A photo exhibition titled “Women’s Cry” will be on display during the month of May in St. Peter’s Square. It seeks to give a voice to the suffering and injustices endured by women around the world.
On several occasions Pope Francis has recalled the intention of the artist Gian Lorenzo Bernini when he made the great “colonnade” that frames St. Peter’s Square in the Vatican: to represent the maternal embrace of the Church that welcomes the faithful and also nonbelievers.
The left side of this “embrace” is the area chosen for the Women’s Cry exhibition, promoted by the Holy See’s Dicastery for Communication together with the World Union of Catholic Women’s Organizations (WUCWO) and the Handshake agency.
At the presentation that took place May 2 at the Holy See Press Office, the organizers explained that the exhibition consists of 26 photographs taken by eight international photographers “who accepted the challenge of giving voice to the cry of pain, often hidden, of the women in the world.”
The snapshots show the faces of girls and women young and old from the heart of the Amazon to the shantytowns of Brazil, passing through the Greek islands, the borders of Ukraine, and from India to the Bangladesh countryside in Southeast Asia.
According to María Lia Zervino, president of WUCWO, this exhibition in St. Peter’s Square “is a sign of how the Church today wants to embrace all the women of the world, believers and nonbelievers, and give them visibility, to transform, to improve their lives, that of their families, that of their peoples,” she noted.
For the prefect of the Department for Communication, Paolo Ruffini, these images “capture suffering and make it cry out, which unveils beauty” and helps believers and nonbelievers to understand suffering through beauty.
In addition, each image in the exhibition is accompanied by a line from Pope Francis’ encyclical Fratelli Tutti.
Lia Giovanazzi Beltrami, director, producer, and art director of the initiative, also participated in the press conference and stressed that photography is a universal language and explained that “art touches the deepest emotions and leads to personal and social change.”

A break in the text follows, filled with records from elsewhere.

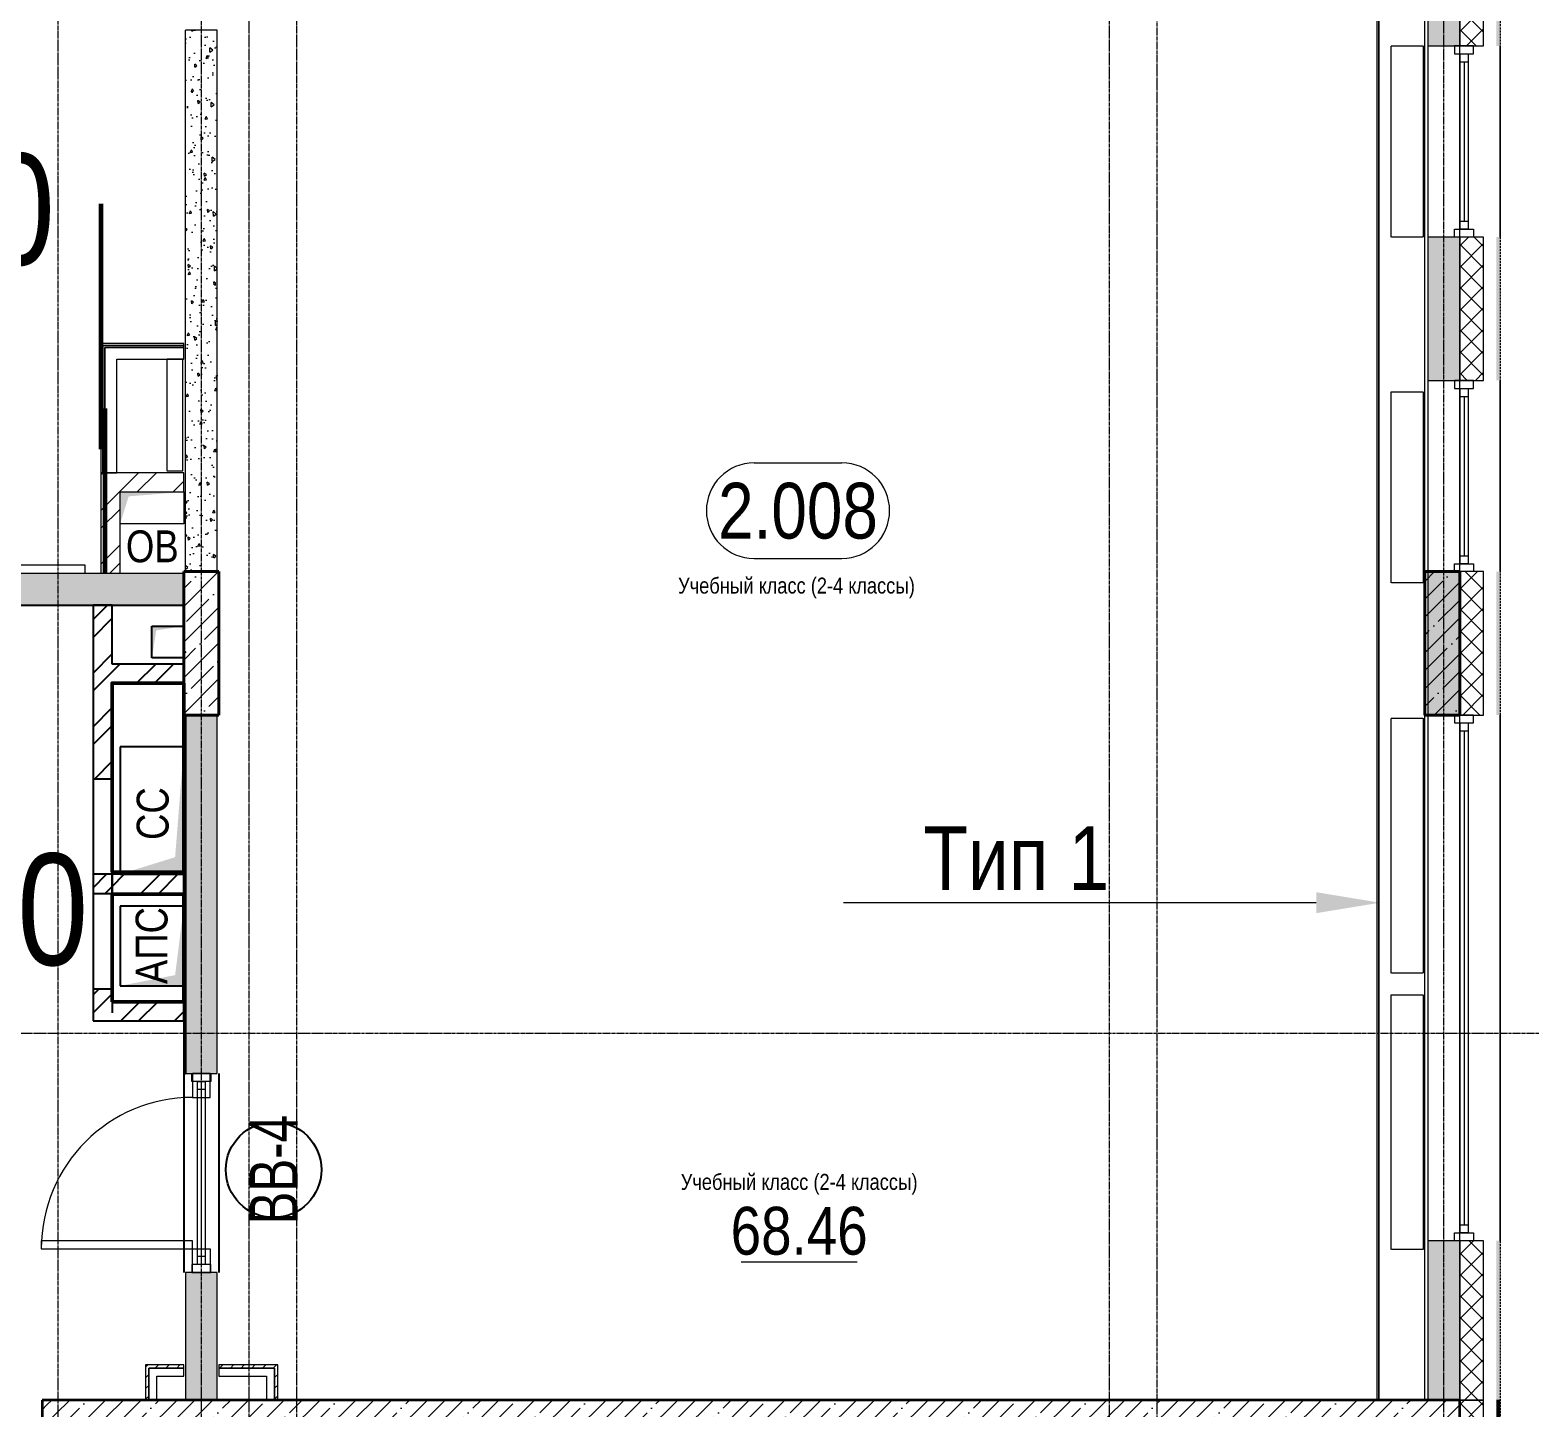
# Model space of a CAD drawing. Header units: millimetres. Extents: x -231292 to 573618, y -153144 to 564035.
# Drawn here: x 20108 to 29525, y 46880 to 55530 of the extents above; entities that cross this region are included whole.
import ezdxf
from ezdxf import colors
from ezdxf.entities.mleader import LeaderData, LeaderLine
from ezdxf.enums import TextEntityAlignment as Align
from ezdxf.math import Vec2, Vec3

# ---------------------------------------------------------------- set-up
doc = ezdxf.new("R2010")
doc.units = ezdxf.units.MM
for name, pattern in [('CENTER2', [28.575, 19.05, -3.175, 3.175, -3.175]), ('DASHED', [19.05, 12.7, -6.35]), ('HIDDEN2', [4.7625, 3.175, -1.5875])]:
    doc.linetypes.add(name, pattern=pattern)
doc.layers.get('0').update_dxf_attribs({"color": 250})
doc.layers.get('Defpoints').update_dxf_attribs({"color": 250})
for name, color, linetype, lineweight in [('11.10.2) люки', 30, 'Continuous', 60), ('11.10.3) Хаммер', 94, 'Continuous', 60), ('A-AREA', 250, 'Continuous', 15), ('A-Wall_Материал_Газоблок_Контур', 250, 'Continuous', 0), ('АР_Area', 250, 'Continuous', 5), ('АР_Витраж', 250, 'Continuous', 13), ('АР_Витраж марка', 250, 'Continuous', 9), ('АР_Двери_витраж', 250, 'Continuous', 9), ('АР_Колонны', 250, 'Continuous', 35), ('АР_Окна', 250, 'Continuous', 5), ('АР_Отверстия', 250, 'Continuous', 9), ('АР_Отопительные приборы', 250, 'HIDDEN2', 0), ('АР_площадь пом', 250, 'Continuous', 5), ('АР_Стены ГКЛ', 250, 'Continuous', 15), ('АР_Стены ЖБ', 250, 'Continuous', 35), ('АР_Стены кирпич', 250, 'Continuous', 20), ('АР_Стены ПЕНОблок', 250, 'Continuous', 20), ('АР_Тонкая', 250, 'Continuous', 5), ('АР_Утеплитель', 250, 'Continuous', 0), ('АР_Штриховка', 250, 'Continuous', 0), ('Зашивка радиаторов тип 1 (фанера и МДФ)', 250, 'Continuous', 0), ('Зашивки ГКЛ на всю высоту', 250, 'Continuous', 0), ('КМ_Фахверки', 250, 'Continuous', 80), ('ОВ_Отопление', 250, 'Continuous', 0), ('Размеры зашивки ГКЛ', 250, 'Continuous', 0), ('РД_Оси_100', 250, 'Continuous', 0), ('РД_проем_инж перемыч_фахверк', 250, 'Continuous', 18)]:
    doc.layers.add(name, color=color, linetype=linetype, lineweight=lineweight)
for name, color, linetype, lineweight, plot in [('АР_Делит', 250, 'Continuous', 0, False), ('РД_Проем', 250, 'Continuous', 0, False), ('РД_проем_инж перемыч_подсчет', 250, 'Continuous', 30, False), ('я', 250, 'Continuous', 50, False)]:
    doc.layers.add(name, color=color, linetype=linetype, lineweight=lineweight, plot=plot)
doc.layers.add('РД_Витраж_вн', color=250, linetype='Continuous')
doc.styles.add('Arial_09', font='ARIALN.TTF', dxfattribs={"width": 0.9})
doc.styles.add('style1', font='ARIALN.TTF')
pattern_1 = [(45, (8883.4, 13229.69), (-112.2532, 112.2532), []), (45, (8995.66, 13229.69), (-112.2532, 112.2532), [198.4375, -39.6875, 0, -39.6875])]
pattern_2 = [(45, (-195364.77, -109483.56), (-168.3798, 168.3798), []), (45, (-195252.52, -109483.56), (-168.3798, 168.3798), [])]

# ---------------------------------------------------------------- blocks, each defined once
blk = doc.blocks.new('СОШ_2200_АР_ОСИ_М100_28.05.24')
at = {"layer": 'АР_Делит', "color": 5, "linetype": 'DASHED'}
blk.add_lwpolyline([(114955, 135155), (114955, -355), (93595.036, -355), (93595.036, 13855), (94145, 13855), (94145, 68320), (66055, 68320), (66055, 13857.73), (83455, 13857.73), (83455, -355), (45245, -355), (45245, 13145), (44695, 13145), (44695, 26755), (45245, 26755), (45245, 68320), (20455, 68320), (20455, 26755), (27955, 26755), (27955, 13145), (-355, 13145), (-355, 100855)], dxfattribs=at)
at = {"layer": 'РД_Оси_100', "linetype": 'CENTER2'}
for p, q in [((20100, -6155), (20100, 139938.679)), ((29555, 36000), (-5954.958, 36000))]:
    blk.add_line(p, q, dxfattribs=at)
for points in [[(11400, 139938.679), (11400, -6155)], [(12000.12, -6155), (12300, -5755), (12300, 139538.679), (12000, 139938.679)], [(12600, -6155), (12600, 139938.679)], [(13200, -6155), (12900, -5755), (12900, 139538.679), (13220.167, 139939.357)], [(17850, 139938.679), (18000, 139538.679), (18000, -6194.092)], [(18300, -6196.31), (18300, 139538.679), (18450, 139938.679)]]:
    blk.add_lwpolyline(points, dxfattribs=at)
blk = doc.blocks.new('otv')
at = {"linetype": 'Continuous'}
blk.add_lwpolyline([(0, -1), (0, 0), (1, 0), (1, -1)], close=True, dxfattribs=at)
blk.add_solid([(0, -1), (0, 0), (0.135, -0.137), (1, 0)], dxfattribs=at)
blk = doc.blocks.new('MOK-МаркаПом_овал_ареал')
for p, q in [((-2.75, 3), (2.75, 3)), ((-2.75, -3), (2.75, -3))]:
    blk.add_line(p, q)
for centre, radius, start, end in [((-2.75, 0), 3, 90, 270), ((2.75, 0), 3, 270, 90), ((-3.75, 0), 3.5, 0, 0.00095)]:
    blk.add_arc(centre, radius, start, end)
at = {"color": 0, "style": 'style1'}
blk.add_attdef('АР-ПОМЕЩЕНИЕ:НОМЕР', text='', height=3.5, dxfattribs=at).set_placement((0, 0), align=Align.MIDDLE)
at = {"layer": 'Defpoints', "color": 2, "style": 'style1'}
blk.add_attdef('АР-ПОМЕЩЕНИЕ:НАИМЕНОВАНИЕ', text='', height=1, dxfattribs=at).set_placement((-0.094, -4.814), align=Align.MIDDLE)
blk = doc.blocks.new('MOK-МаркаПомещения1')
at = {"layer": 'A-AREA', "color": 0}
blk.add_line((-3.651, -1.944), (3.649, -1.944), dxfattribs=at)
at = {"layer": 'A-AREA', "color": 0, "style": 'style1'}
blk.add_attdef('АР-ПОМЕЩЕНИЕ:ПЛОЩАДЬ', text='', height=3, dxfattribs=at).set_placement((0, 0), align=Align.MIDDLE)
at = {"layer": 'Defpoints', "style": 'style1', "flags": 8}
blk.add_attdef('АР-ПОМЕЩЕНИЕ:НАИМЕНОВАНИЕ', text='', height=1, dxfattribs=at).set_placement((0, 2.956), align=Align.MIDDLE)
blk = doc.blocks.new('МаркаВитража1')
at = {"layer": 'Defpoints'}
blk.add_circle((0, 0), 3, dxfattribs=at)
at = {"color": 0, "linetype": 'ByBlock', "lineweight": -2, "style": 'Arial_09', "width": 0.9}
blk.add_attdef('АР-ОКНО:НАИМЕНОВАНИЕ', text='', height=3, dxfattribs=at).set_placement((0, 0), align=Align.MIDDLE)

msp = doc.modelspace()

# ---------------------------------------------------------------- hatches: boundary and pattern name
at = {"layer": 'АР_Стены ГКЛ', "linetype": 'Continuous', "lineweight": 0}
h = msp.add_hatch(dxfattribs=at)
h.set_pattern_fill('ANSI31', color=256, scale=15, style=0)
h.set_pattern_definition([(45, (8883.403, 13229.686), (-33.67596, 33.67596), [])])
h.paths.add_polyline_path([(20833.403, 47149.686), (20853.403, 47129.686), (21073.403, 47129.686), (21073.403, 47149.686)], flags=0)
h = msp.add_hatch(dxfattribs=at)
h.set_pattern_fill('ANSI31', color=256, scale=15, style=0)
h.set_pattern_definition([(45, (8883.403, 13229.686), (-33.67596, 33.67596), [])])
h.paths.add_polyline_path([(20833.403, 46929.686), (20853.403, 46929.686), (20853.403, 47129.686), (20833.403, 47149.686)], flags=0)
h = msp.add_hatch(dxfattribs=at)
h.set_pattern_fill('ANSI31', color=256, scale=15, angle=-360, style=0)
h.set_pattern_definition([(45, (8883.403, 13229.686), (-33.67596, 33.67596), [])])
h.paths.add_polyline_path([(21293.403, 47149.686), (21293.403, 47129.686), (21643.403, 47129.686), (21663.403, 47149.686)], flags=0)
h = msp.add_hatch(dxfattribs=at)
h.set_pattern_fill('ANSI31', color=256, scale=15, angle=-360, style=0)
h.set_pattern_definition([(45, (8883.403, 13229.686), (-33.67596, 33.67596), [])])
h.paths.add_polyline_path([(21663.403, 47149.686), (21643.403, 47129.686), (21643.403, 46929.686), (21663.403, 46929.686)], flags=0)
at = {"layer": 'АР_Штриховка', "linetype": 'Continuous', "lineweight": 0}
h = msp.add_hatch(dxfattribs=at)
h.set_pattern_fill('AR-CONC', color=256, angle=-360, style=0)
h.set_pattern_definition([(50, (8883.4, 13229.69), (182.18467, -15.9391), [19.05, -209.55]), (355, (8883.4, 13229.69), (-35.2434, 191.05685), [15.24, -167.6406]), (100.45144, (8898.58, 13228.36), (146.94125, 175.11775), [16.19, -178.09024]), (46.1842, (8883.4, 13280.49), (271.07904, -42.0423), [28.575, -314.325]), (96.63556, (8906, 13276.98), (237.4041, 247.4261), [24.285, -267.1356]), (351.18415, (8883.4, 13280.5), (237.4041, 247.4261), [22.86, -251.4597]), (21, (8908.8, 13267.79), (151.6144, -102.2652), [19.05, -209.55]), (326, (8908.8, 13267.79), (61.80203, 184.18797), [15.24, -167.64]), (71.45144, (8921.44, 13259.26), (213.4164, 81.92277), [16.19, -178.08994]), (37.5, (8883.4, 13229.686), (3.088603, 84.55504), [0, -165.608, 0, -170.18, 0, -168.275]), (7.5, (8883.4, 13229.69), (66.81966, 100.18057), [0, -97.028, 0, -161.798, 0, -64.135]), (327.5, (8826.76, 13229.686), (135.590595, -5.728744), [0, -63.5, 0, -198.12, 0, -262.89]), (317.5, (8801.36, 13229.69), (148.12918, 25.4265), [0, -82.55, 0, -131.572, 0, -186.69])])
h.paths.add_polyline_path([(29083.403, 81804.69), (28883.403, 82004.69), (28883.403, 80329.686), (29083.403, 80329.686)], flags=0)
h.paths.add_polyline_path([(29083.403, 79129.686), (28883.403, 79129.686), (28883.403, 78229.686), (29083.403, 78229.686)], flags=0)
h.paths.add_polyline_path([(29083.403, 74929.686), (28883.403, 74929.686), (28883.403, 64729.686), (29083.403, 64729.686)], flags=0)
h.paths.add_polyline_path([(29083.403, 63529.686), (28883.403, 63529.686), (28883.403, 62629.686), (29083.403, 62629.686)], flags=0)
h.paths.add_polyline_path([(29083.403, 61429.686), (28883.403, 61429.686), (28883.403, 60529.686), (29083.403, 60529.686)], flags=0)
h.paths.add_polyline_path([(29083.403, 57229.686), (28883.403, 57229.686), (28883.403, 55429.686), (29083.403, 55429.686)], flags=0)
h.paths.add_polyline_path([(29083.403, 54229.686), (28883.403, 54229.686), (28883.403, 53329.686), (29083.403, 53329.686)], flags=0)
h.paths.add_polyline_path([(29083.403, 52129.686), (28883.403, 52129.686), (28883.403, 51229.686), (29083.403, 51229.686)], flags=0)
h.paths.add_polyline_path([(29083.403, 47929.686), (28883.403, 47929.686), (28883.403, 46929.686), (29083.403, 46929.686)], flags=0)
h = msp.add_hatch(dxfattribs=at)
h.set_pattern_fill('ANSI37', color=256, scale=30, angle=-360, style=0)
h.set_pattern_definition([(45, (8883.4, 13229.69), (-67.35192, 67.35192), []), (135, (8883.4, 13229.69), (-67.35192, -67.35192), [])])
h.paths.add_polyline_path([(29233.403, 81654.69), (29083.403, 81804.69), (29083.403, 80329.686), (29233.403, 80329.686)], flags=0)
h.paths.add_polyline_path([(29233.403, 79129.686), (29083.403, 79129.686), (29083.403, 78229.686), (29233.403, 78229.686)], flags=0)
h.paths.add_polyline_path([(29233.403, 74929.686), (29083.403, 74929.686), (29083.403, 64729.686), (29233.403, 64729.686)], flags=0)
h.paths.add_polyline_path([(29233.403, 63529.686), (29083.403, 63529.686), (29083.403, 62629.686), (29233.403, 62629.686)], flags=0)
h.paths.add_polyline_path([(29233.403, 61429.686), (29083.403, 61429.686), (29083.403, 60529.686), (29233.403, 60529.686)], flags=0)
h.paths.add_polyline_path([(29233.403, 57229.686), (29083.403, 57229.686), (29083.403, 55429.686), (29233.403, 55429.686)], flags=0)
h.paths.add_polyline_path([(29233.403, 54229.686), (29083.403, 54229.686), (29083.403, 53329.686), (29233.403, 53329.686)], flags=0)
h.paths.add_polyline_path([(29233.403, 52129.686), (29083.403, 52129.686), (29083.403, 51229.686), (29233.403, 51229.686)], flags=0)
h.paths.add_polyline_path([(29233.403, 47929.686), (29083.403, 47929.686), (29083.403, 46929.686), (29233.403, 46929.686)], flags=0)
h = msp.add_hatch(dxfattribs=at)
h.set_pattern_fill('_U', color=256, angle=-360, style=0, pattern_type=0)
h.set_pattern_definition([(360, (8883.4027, 13229.6861), (2e-16, 1), [])])
h.paths.add_polyline_path([(29338.403, 81549.69), (29313.403, 81574.69), (29313.403, 80329.686), (29338.403, 80329.686)], flags=0)
h.paths.add_polyline_path([(29338.403, 79129.686), (29313.403, 79129.686), (29313.403, 78229.686), (29338.403, 78229.686)], flags=0)
h.paths.add_polyline_path([(29338.403, 74929.686), (29313.403, 74929.686), (29313.403, 64729.686), (29338.403, 64729.686)], flags=0)
h.paths.add_polyline_path([(29338.403, 63529.686), (29313.403, 63529.686), (29313.403, 62629.686), (29338.403, 62629.686)], flags=0)
h.paths.add_polyline_path([(29338.403, 61429.686), (29313.403, 61429.686), (29313.403, 60529.686), (29338.403, 60529.686)], flags=0)
h.paths.add_polyline_path([(29338.403, 57229.686), (29313.403, 57229.686), (29313.403, 55429.686), (29338.403, 55429.686)], flags=0)
h.paths.add_polyline_path([(29338.403, 54229.686), (29313.403, 54229.686), (29313.403, 53329.686), (29338.403, 53329.686)], flags=0)
h.paths.add_polyline_path([(29338.403, 52129.686), (29313.403, 52129.686), (29313.403, 51229.686), (29338.403, 51229.686)], flags=0)
h.paths.add_polyline_path([(29338.403, 47929.686), (29313.403, 47929.686), (29313.403, 46929.686), (29338.403, 46929.686)], flags=0)
h = msp.add_hatch(dxfattribs=at)
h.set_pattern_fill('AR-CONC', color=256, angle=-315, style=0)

She noted that “it hasn’t been an easy journey” and that “each shot tells a drama but carries within it a profound hope.”
One of the authors of the initiative, the photographer Giuseppe Caridi, explained to ACI Prensa, CNA’s Spanish-language news partner, that his objective in portraying a woman in the Sahara desert was “to tell a story through the beauty of life and those who still have hope.”
For Caridi, “despite life’s problems, beauty continues to exist” and his photography, he adds, can inspire those who feel pain as “a message of optimism.”